Die Art und Weise, wie diese Rabatte zustande kommen, wird jetzt vom Bundeskartellamt genau durchleuchtet. Kaul: „Es besteht die Gefahr, dass der Markt für kleinere Sender durch diese Praktiken abgeschottet wird.“ Denn Sender mit einem Marktanteil um die ein Prozent wie beispielsweise das Vierte oder D-Max sind nicht in der Lage, den Agenturen solche Rabatte zu bieten. „Wenn dann noch herauskommt, dass sich die beiden Sendergruppen untereinander absprechen, um zum Beispiel Werbepreise und Rabatte festzulegen, dann wäre das eine Kartellabsprache“, ergänzt Kaul.

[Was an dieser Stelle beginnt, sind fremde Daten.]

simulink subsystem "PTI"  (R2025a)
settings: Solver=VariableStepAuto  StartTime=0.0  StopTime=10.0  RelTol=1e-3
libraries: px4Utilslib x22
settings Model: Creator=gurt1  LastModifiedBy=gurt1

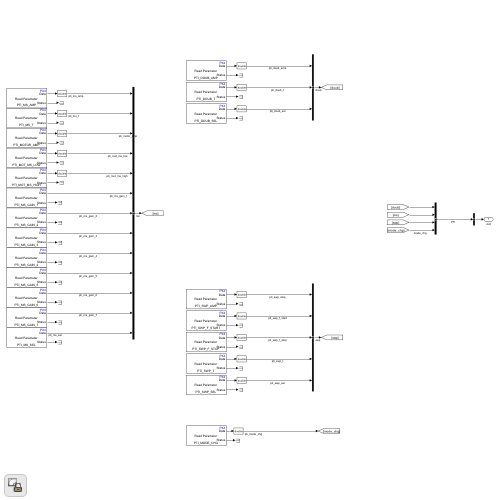
[thumbnail: Simulink's stored preview of the top-level diagram]
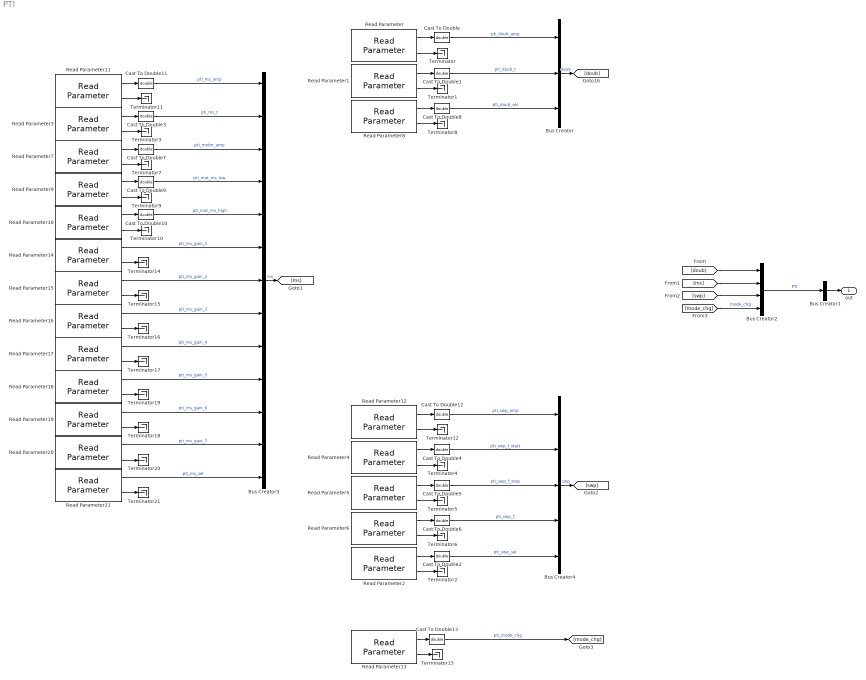
== system PTI ==
  Bus Creator : BusCreator  Inputs=3
  Bus Creator1 : BusCreator  Inputs=1
  Bus Creator2 : BusCreator  Inputs=4
  Bus Creator3 : BusCreator  Inputs=13
  Bus Creator4 : BusCreator  Inputs=5
  Cast To Double{,1..13} (14 alike) : DataTypeConversion  OutDataTypeStr=double  SaturateOnIntegerOverflow=off  RndMeth=Floor
  Read Parameter : px4Utilslib/Read Parameter  ParameterName=PTI_DOUB_AMP  DataType=FLOAT  SampleTime=-1
  Read Parameter1 : px4Utilslib/Read Parameter  ParameterName=PTI_DOUB_T  DataType=FLOAT  SampleTime=-1
  Read Parameter10 : px4Utilslib/Read Parameter  ParameterName=PTI_MOT_MS_HIGH  DataType=FLOAT  SampleTime=-1
  Read Parameter11 : px4Utilslib/Read Parameter  ParameterName=PTI_MS_AMP  DataType=FLOAT  SampleTime=-1
  Read Parameter12 : px4Utilslib/Read Parameter  ParameterName=PTI_SWP_AMP  DataType=FLOAT  SampleTime=-1
  Read Parameter13 : px4Utilslib/Read Parameter  ParameterName=PTI_MODE_CHG  DataType=FLOAT  SampleTime=-1
  Read Parameter14 : px4Utilslib/Read Parameter  ParameterName=PTI_MS_GAIN_1  DataType=FLOAT  SampleTime=-1
  Read Parameter15 : px4Utilslib/Read Parameter  ParameterName=PTI_MS_GAIN_2  DataType=FLOAT  SampleTime=-1
  Read Parameter16 : px4Utilslib/Read Parameter  ParameterName=PTI_MS_GAIN_3  DataType=FLOAT  SampleTime=-1
  Read Parameter17 : px4Utilslib/Read Parameter  ParameterName=PTI_MS_GAIN_4  DataType=FLOAT  SampleTime=-1
  Read Parameter18 : px4Utilslib/Read Parameter  ParameterName=PTI_MS_GAIN_5  DataType=FLOAT  SampleTime=-1
  Read Parameter19 : px4Utilslib/Read Parameter  ParameterName=PTI_MS_GAIN_6  DataType=FLOAT  SampleTime=-1
  Read Parameter2 : px4Utilslib/Read Parameter  ParameterName=PTI_SWP_SEL  DataType=FLOAT  SampleTime=-1
  Read Parameter20 : px4Utilslib/Read Parameter  ParameterName=PTI_MS_GAIN_7  DataType=FLOAT  SampleTime=-1
  Read Parameter21 : px4Utilslib/Read Parameter  ParameterName=PTI_MS_SEL  DataType=FLOAT  SampleTime=-1
  Read Parameter3 : px4Utilslib/Read Parameter  ParameterName=PTI_MS_T  DataType=FLOAT  SampleTime=-1
  Read Parameter4 : px4Utilslib/Read Parameter  ParameterName=PTI_SWP_F_START  DataType=FLOAT  SampleTime=-1
  Read Parameter5 : px4Utilslib/Read Parameter  ParameterName=PTI_SWP_F_STOP  DataType=FLOAT  SampleTime=-1
  Read Parameter6 : px4Utilslib/Read Parameter  ParameterName=PTI_SWP_T  DataType=FLOAT  SampleTime=-1
  Read Parameter7 : px4Utilslib/Read Parameter  ParameterName=PTI_MOTOR_AMP  DataType=FLOAT  SampleTime=-1
  Read Parameter8 : px4Utilslib/Read Parameter  ParameterName=PTI_DOUB_SEL  DataType=FLOAT  SampleTime=-1
  Read Parameter9 : px4Utilslib/Read Parameter  ParameterName=PTI_MOT_MS_LOW  DataType=FLOAT  SampleTime=-1
  Terminator{,1..21} (22 alike) : Terminator
  out : Outport
  wires:
  Read Parameter/2 -> Terminator/1
  Read Parameter/1 -> Cast To Double/1
  Cast To Double/1 -> Bus Creator/1  "pti_doub_amp"
  Bus Creator1/1 -> out/1
  Bus Creator2/1 -> Bus Creator1/1  "PTI"
  Read Parameter1/1 -> Cast To Double1/1
  Read Parameter1/2 -> Terminator1/1
  Cast To Double1/1 -> Bus Creator/2  "pti_doub_t"
  Read Parameter6/2 -> Terminator6/1
  Read Parameter5/2 -> Terminator5/1
  Read Parameter5/1 -> Cast To Double5/1
  Cast To Double6/1 -> Bus Creator4/4  "pti_swp_t"
  Read Parameter6/1 -> Cast To Double6/1
  Read Parameter4/2 -> Terminator4/1
  Read Parameter4/1 -> Cast To Double4/1
  Cast To Double5/1 -> Bus Creator4/3  "pti_swp_f_stop"
  Cast To Double4/1 -> Bus Creator4/2  "pti_swp_f_start"
  Cast To Double11/1 -> Bus Creator3/1  "pti_ms_amp"
  Cast To Double3/1 -> Bus Creator3/2  "pti_ms_t"
  Read Parameter3/2 -> Terminator3/1
  Read Parameter3/1 -> Cast To Double3/1
  Read Parameter11/1 -> Cast To Double11/1
  Read Parameter11/2 -> Terminator11/1
  Cast To Double8/1 -> Bus Creator/3  "pti_doub_sel"
  Read Parameter8/1 -> Cast To Double8/1
  Read Parameter8/2 -> Terminator8/1
  Bus Creator/1 -> [doub]  "doub"
  Bus Creator3/1 -> [ms]  "ms"
  Bus Creator4/1 -> [swp]  "swp"
  [doub] -> Bus Creator2/1
  [ms] -> Bus Creator2/2
  [swp] -> Bus Creator2/3
  Read Parameter12/1 -> Cast To Double12/1
  Read Parameter12/2 -> Terminator12/1
  Cast To Double12/1 -> Bus Creator4/1  "pti_swp_amp"
  Read Parameter13/2 -> Terminator13/1
  Read Parameter13/1 -> Cast To Double13/1
  Cast To Double13/1 -> [mode_chg]  "pti_mode_chg"
  [mode_chg] -> Bus Creator2/4  "mode_chg"
  Read Parameter2/1 -> Cast To Double2/1
  Read Parameter2/2 -> Terminator2/1
  Cast To Double2/1 -> Bus Creator4/5  "pti_swp_sel"
  Read Parameter7/1 -> Cast To Double7/1
  Read Parameter7/2 -> Terminator7/1
  Cast To Double7/1 -> Bus Creator3/3  "pti_motor_amp"
  Read Parameter9/2 -> Terminator9/1
  Read Parameter9/1 -> Cast To Double9/1
  Read Parameter10/1 -> Cast To Double10/1
  Read Parameter10/2 -> Terminator10/1
  Cast To Double9/1 -> Bus Creator3/4  "pti_mot_ms_low"
  Cast To Double10/1 -> Bus Creator3/5  "pti_mot_ms_high"
  Read Parameter14/2 -> Terminator14/1
  Read Parameter15/2 -> Terminator15/1
  Read Parameter16/2 -> Terminator16/1
  Read Parameter17/2 -> Terminator17/1
  Read Parameter18/1 -> Bus Creator3/10  "pti_ms_gain_5"
  Read Parameter18/2 -> Terminator19/1
  Read Parameter19/2 -> Terminator18/1
  Read Parameter20/2 -> Terminator20/1
  Read Parameter14/1 -> Bus Creator3/6  "pti_ms_gain_1"
  Read Parameter15/1 -> Bus Creator3/7  "pti_ms_gain_2"
  Read Parameter16/1 -> Bus Creator3/8  "pti_ms_gain_3"
  Read Parameter17/1 -> Bus Creator3/9  "pti_ms_gain_4"
  Read Parameter19/1 -> Bus Creator3/11  "pti_ms_gain_6"
  Read Parameter20/1 -> Bus Creator3/12  "pti_ms_gain_7"
  Read Parameter21/2 -> Terminator21/1
  Read Parameter21/1 -> Bus Creator3/13  "pti_ms_sel"

Beide TV-Vermarkter gehen offiziell davon aus, dass sie sich nicht rechtswidrig verhalten haben. Ein Brancheninsider urteilt: „Unser Markt funktioniert eben anders als der Markt für Bremsscheiben. Wir verkaufen Kontakte. Und da haben die größeren Sender per se eine höhere Relevanz und bieten eine bessere Qualität, weil es darum geht, die Konsumenten direkt zum Start einer Werbekampagne mit dem entsprechenden Werbespot zu erreichen. Die kleinen Sender schaffen es zum Teil über ein ganzes Jahr nicht, solch einen Erstkontakt zum Zuschauer aufzubauen, und haben damit für die Werbewirtschaft kaum eine Bedeutung.“

Die kleineren Sender, aus deren Umfeld die „anonyme Anzeige“ beim Bundeskartellamt vermutet wird, hoffen nun, von der aktuellen Entwicklung zu profitieren. „Das Rabattierungssystem sollte nicht so sein, dass wir automatisch aus dem Markt rausgekickt werden. Es gibt viele Werbekunden, die auch gerne einmal bei kleineren Sendern Werbung schalten würden. Aber die kommen nicht raus aus ihren Verträgen oder sie würden viel Geld verlieren“, heißt es aus ihrem Umfeld.

Tatsächlich scheint das bestehende System nicht im Sinne derer zu sein, die das Ganze letztlich bezahlen: der werbetreibenden Industrie. Während die Mediaagenturen bestrebt sind, die höchsten Rabatte herauszuholen, um davon auch selbst finanziell zu profitieren, ist es fraglich, ob die entsprechenden Werbeschaltungen das Optimum für die Werbetreibenden darstellen. Mercedes und Coca-Cola etwa haben ihren Mediaagenturen mittlerweile Auflagen gemacht, weniger auf die Rabatte zu achten, sondern mehr auf die Qualität der Werbeplatzierung.

Joachim Schütz, Geschäftsführer der Organisation Werbetreibende beim Markenverband, bestätigt: „Bei den Rabatten geht es um das Geld der Werbetreibenden. Die Werbekunden müssen wissen, welche Absprachen getroffen werden. Es ist bisher oft nicht durchschaubar, was mit den Rabatten geschieht. Landen sie komplett bei den Mediaagenturen und nicht bei den Kunden, die durch ihre Investitionen dazu beigetragen haben, dass die Rabatte überhaupt erzielt werden konnten?! Das sind die Fragen, die uns bewegen. Insofern würden wir uns natürlich mehr Wettbewerb wünschen, denn die Marktkonzentration ist sowohl auf Agenturseite als auch auf Vermarkterseite offensichtlich.“ Ob diese Situation als illegal einzuschätzen ist, hält Schütz für fraglich. „Aber durch die aktuellen Vorgänge ist der Markt zumindest für das Thema sensibilisiert.“

Der Geschäftsführer von SevenOneMedia Peter Christmann jedenfalls hat bereits vor kurzem angekündigt, neue Geschäftsmodelle entwickeln zu wollen, um etwaigen Entscheidungen des Bundeskartellamtes zuvorzukommen.